In his Manifesto of the Communist Party (1848), Karl Marx wrote: 'The history of all hitherto existing society is the history of class struggles.' Such an assessment is only half-right when it comes to Burma's internal conflicts, of which ethnicity is of equal importance to class. Whether ethnicity is largely a matter of 'political choice', as many academics suggest today, has little relevance in the lives of these ethnic peoples. The Karen, Kachin, Mon, Shan, Karenni and others have chosen to hold on to their AK-47s or M16s in order to fight on. The unappealing alternative is surrender and subjugation at the feet of their uncompromising enemy in Rangoon and, since 2005, Naypyidaw.
With varying degrees of ferocity, intermittent waves of ethnically mobilised wars have flared up since independence in 1948. Most of these were triggered by the non-Bamar communities' perception and experience of being denied a fair share of state power and control over resources by the Bamardominated governments, both civilian and military. Like the colonial Burma, the military-ruled Myanmar is in effect a garrison state; unlike British Burma, the generals' Myanmar remains so after a half-century of their monopoly rule. Under the Raj, Burma was the lucrative 'rice bowl of the world', exporting nearly half of the total global output; the Burmese generals, on the other hand, have succeeded in turning Burma into the region's 'basket case', worse off than post-genocide Cambodia.

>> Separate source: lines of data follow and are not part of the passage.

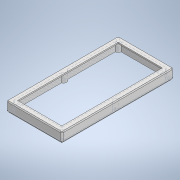
# Autodesk Inventor part: Cover
Saved by Autodesk Inventor 2021 (Build 250183000, 183)
## iProperties
Created: 2020-07-20
Part Number: Cover
Material: Generic
Document SubType Name: Modeling
Designer: ameli
Density: 1 g/cm^3
Appearance: Default
Author: ameli
Autodesk Inventor part; units mm, degrees
ref_plane "YZ Plane" through (0, 0, 0) normal (1, 0, 0) x (0, 1, 0)
ref_plane "XZ Plane" through (0, 0, 0) normal (0, 1, 0) x (-1, 0, 0)
ref_plane "XY Plane" through (0, 0, 0) normal (0, 0, 1) x (1, 0, 0)
sketch "Sketch1" plane through (0, 0, 0) normal (0, 1, 0) x (-1, 0, 0)
  line L0 (66.5, 134) -> (-66.5, 134)
  line L1 (-66.5, 134) -> (-66.5, -134)
  line L2 (-66.5, -134) -> (66.5, -134)
  line L3 (66.5, -134) -> (66.5, 134)
  point P0 (0, 0)
  dimension "d0" = 133
  dimension "d1" = 268
  dimension "d2" = 66.5
  dimension "d3" = 134
  constraints: 8 end point, 2 parallel, 1 horizontal, 1 perpendicular
  measures "d0" distance of L0.start L0.end
  measures "d1" distance of L2.end L0.start
  measures "d2" distance from line of point (0, 0) L3
  measures "d3" distance from line of point (0, 0) L0
extrude "Extrusion1" add sketch "Sketch1" along normal blind 20.3
shell "Shell1" thickness 3 removed faces 1 at (-22.1667, 0, -44.6667)
sketch "Sketch2" plane through (0, 20.3, 0) normal (0, 1, 0) x (1, 0, 0)
  line L0 (-53, 120.5) -> (53, 120.5)
  line L1 (53, 120.5) -> (53, -120.5)
  line L2 (53, -120.5) -> (-53, -120.5)
  line L3 (-53, -120.5) -> (-53, 120.5)
  line L4 (-66.5, 134) -> (-66.5, -134) projected
  line L5 (-66.5, -134) -> (66.5, -134) projected
  line L6 (66.5, -134) -> (66.5, 134) projected
  line L7 (66.5, 134) -> (-66.5, 134) projected
  point P0 (0, 0)
  dimension "d7" = 13.5
  dimension "d8" = 13.5
  dimension "d9" = 13.5
  dimension "d10" = 13.5
  constraints: 8 end point, 2 parallel, 1 horizontal, 1 perpendicular
  measures "d7" distance between parallel lines of L3 L4
  measures "d8" distance between parallel lines of L5 L2
  measures "d9" distance between parallel lines of L6 L1
  measures "d10" distance between parallel lines of L7 L0
extrude "Extrusion2" cut sketch "Sketch2" against normal through all contours L0 L1 L2 L3
sketch "Sketch3" plane through (-63.5, 17.3, 131) normal (0, -1, 0) x (1, 0, 0)
  arc A0 (117, 0) -> (127, -10) centre (127, 0) ccw
  line L0 (127, 0) -> (127, -262) projected
  line L1 (0, 0) -> (127, 0) projected
  line L2 (127, -262) -> (0, -262) projected
  arc A1 (127, -252) -> (117, -262) centre (127, -262) ccw
  line L3 (0, -262) -> (0, 0) projected
  arc A2 (0, -10) -> (10, 0) centre (0, 0) ccw
  arc A3 (10, -262) -> (0, -252) centre (0, -262) ccw
  arc A4 (127, -123.5) -> (127, -138.5) centre (127, -131) ccw
  arc A5 (0, -138.5) -> (0, -123.5) centre (0, -131) ccw
  line L4 (127, 0) -> (124.6095, 0)
  line L5 (127, 0) -> (124.5, 0)
  line L6 (124.5, 0) -> (124.5, -262)
  line L7 (124.5, -262) -> (127, -262)
  line L8 (127, -262) -> (127, 0)
  line L9 (0, 0) -> (2.5, 0)
  line L10 (2.5, 0) -> (2.5, -262)
  line L11 (2.5, -262) -> (0, -262)
  line L12 (0, -262) -> (0, 0)
  line L13 (0, -262) -> (0, 0) projected
  line L14 (0, -262) -> (127, -262)
  line L15 (127, -262) -> (127, -259.5)
  line L16 (127, -259.5) -> (0, -259.5)
  line L17 (0, -259.5) -> (0, -262)
  line L18 (0, 0) -> (127, 0)
  line L19 (127, 0) -> (127, -2.5)
  line L20 (127, -2.5) -> (0, -2.5)
  line L21 (0, -2.5) -> (0, 0)
  point P0 (63.5, -131)
  point P1 (9.6825, -259.5)
  point P2 (2.5, -252.3175)
  point P3 (2.5, -138.0711)
  point P4 (2.5, -123.9289)
  point P5 (2.5, -9.6825)
  point P6 (9.6825, -2.5)
  point P7 (117.3175, -2.5)
  point P8 (124.5, -9.6825)
  point P9 (124.5, -123.9289)
  point P10 (124.5, -138.0711)
  point P11 (124.5, -252.3175)
  point P12 (117.3175, -259.5)
  dimension "d13" = 20
  dimension "d14" = 0
  dimension "d15" = 0
  dimension "d16" = 20
  dimension "d17" = 20
  dimension "d18" = 20
  dimension "d19" = 15
  dimension "d20" = 15
  dimension "d21" = 0
  dimension "d22" = 0
  dimension "d24" = 0
  dimension "d25" = 0
  dimension "d28" = 2.5
  dimension "d29" = 0
  dimension "d30" = 0
  dimension "d31" = 0
  dimension "d32" = 2.5
  dimension "d33" = 0
  dimension "d34" = 2.5
  dimension "d35" = 0
  dimension "d36" = 2.5
  dimension "d37" = 0
  constraints: 34 end point, 12 point on circle, 12 point on line, 8 parallel, 6 centre point, 5 horizontal, 4 perpendicular, 3 coincident
  measures "d13" diameter of A0
  measures "d14" distance from line of L0 A0.centre
  measures "d15" distance from line of L1 A0.centre
  measures "d16" diameter of A1
  measures "d17" diameter of A2
  measures "d18" diameter of A3
  measures "d19" diameter of A4
  measures "d20" diameter of A5
  measures "d21" distance from line of L0 A4.centre
  measures "d22" distance from line of L3 A5.centre
  measures "d24" vertical distance of point (63.5, -131) A4.centre
  measures "d25" vertical distance of point (63.5, -131) A5.centre
  measures "d28" distance of L6.end L7.end
  measures "d29" distance between parallel lines of L0 L8
  measures "d30" distance between parallel lines of L2 L7
  measures "d31" distance between parallel lines of L1 L5
  measures "d32" distance of L10.end L11.end
  measures "d33" distance between parallel lines of L2 L11
  measures "d34" distance of L14.end L15.end
  measures "d35" distance between parallel lines of L0 L15
  measures "d36" distance of L18.end L19.end
  measures "d37" distance between parallel lines of L0 L19
extrude "Extrusion3" add sketch "Sketch3" along normal blind 21.3 contours L1 L6 L20 A0 | A0 L20 A2 L1 | L20 L6 A0 | A2 L20 L10 L1 | L1 L0 L20 L6 | L6 L20 L0 A0 | A0 L0 A4 L6 | A2 L10 L20 | L10 L20 L3 L1 | L6 A4 | A4 L0 L6 | L10 A5 L3 A2 | A2 L3 L20 L10 | A4 L0 A1 L6 | L10 A5 L3 | A5 L10 | L6 L16 A1 | A1 L0 L16 L6 | L10 A3 L3 A5 | L16 L6 L2 A1 | A1 L2 A3 L16 | L16 L0 L2 L6 | L10 L16 L3 A3 | A3 L16 L10 | A3 L2 L10 L16 | L10 L2 L3 L16
fillet "Fillet2" radius 4 4 edges at (-66.5, 10.15, -134) (-66.5, 10.15, 134) (66.5, 10.15, 134) (66.5, 10.15, -134)
fillet "Fillet3" radius 1 4 edges at (53, 18.8, 120.5) (53, 18.8, -120.5) (-53, 18.8, -120.5) (-53, 18.8, 120.5)
chamfer "Chamfer1" distance 2 angle 45 8 edges at (0, 20.3, 134) (65.3284, 20.3, 132.8284) (66.5, 20.3, 0) (65.3284, 20.3, -132.8284) (0, 20.3, -134) (-65.3284, 20.3, -132.8284) (-66.5, 20.3, 0) (-65.3284, 20.3, 132.8284)
sketch "Sketch4" plane through (-63.5, -4, 131) normal (0, -1, 0) x (1, 0, 0)
  circle A0 centre (123.75, -258.75) radius 1.75 projected
  circle A1 centre (3.25, -258.75) radius 1.75 projected
  circle A2 centre (3.25, -3.25) radius 1.75 projected
  circle A3 centre (123.75, -3.25) radius 1.75 projected
  circle A4 centre (123.75, -131) radius 1.75 projected
  circle A5 centre (3.25, -131) radius 1.75 projected
  point P0 (63.5, -131)
  constraints: 6 coincident
hole "Hole1" at (-60.25, -4, 127.75) at (60.25, -4, 127.75) at (60.25, -4, 0) at (60.25, -4, -127.75) at (-60.25, -4, -127.75) at (-60.25, -4, 0) direction (0, 1, 0) diameter 2.6 depth 6 tip angle 118
body "Solid1"

Whether under General Ne Win or Senior General Than Shwe, the military leadership has never been keen on just and lasting peace with ethnic resistance movements, always attempting to dictate the terms of the 'peace'. In 1963, a year after the military coup that laid the foundation for military rule, Ne Win launched a series of highly publicised but half-hearted 'peace talks' with non-Bamar resistance groups, as well as the armed Bamar communist movement. When little came of these, Rangoon adopted a zero-sum policy of 'annihilation' towards any dissent. Just a year ago, Gen Than Shwe reiterated the military's institutional mission – not of peace and reconciliation, but rather of the reconsolidation of the central government's power vis-à-vis the non- Bamar ethnic communities, the power that was presumably fractured by the century-plus interval of British rule. 'I would like to urge you to build on the national reconsolidation that has been achieved,' he told the graduating class of a military medical academy, 'and avoid all thoughts and notions that might lead to the disintegration of the union.'
Consequently, some 60-plus years after independence, the armed conflicts still smoulder on. The anti-Naypyidaw armed resistance organisations – 21 as of January 2011 – vary significantly in both size (from 500 to 30,000 troops) and degree of political significance. The expansive conflict landscape encompasses Burma's Kachin highlands below Tibet, the 200-mile stretch of landlocked Pegu Yoma; from the Chin Hills due east from Mizoram and the Arakan Yoma that divides the Rakhine coastal region from the rest of Burma; the Wa Hills near the Sino-Shan frontier and the Naga Hills across from Assam, Manipur, Arunachal Pradesh and Nagaland to the northwest. Furthermore, the ethnic armed groups – including the Shan State Army, the Karenni National Progressive Party, the New Mon State Party, and the Karen National Union – continue to dot the nearly 1500-mile-long Thai- Burmese border, from the Shan plateau in the east and the tiny Karenni state bordering northern Thailand, down to the Karen trans-Salween River region adjacent to the Thai provinces of Tak and Kanchanburi and the 500-mile Tenasserim coastline.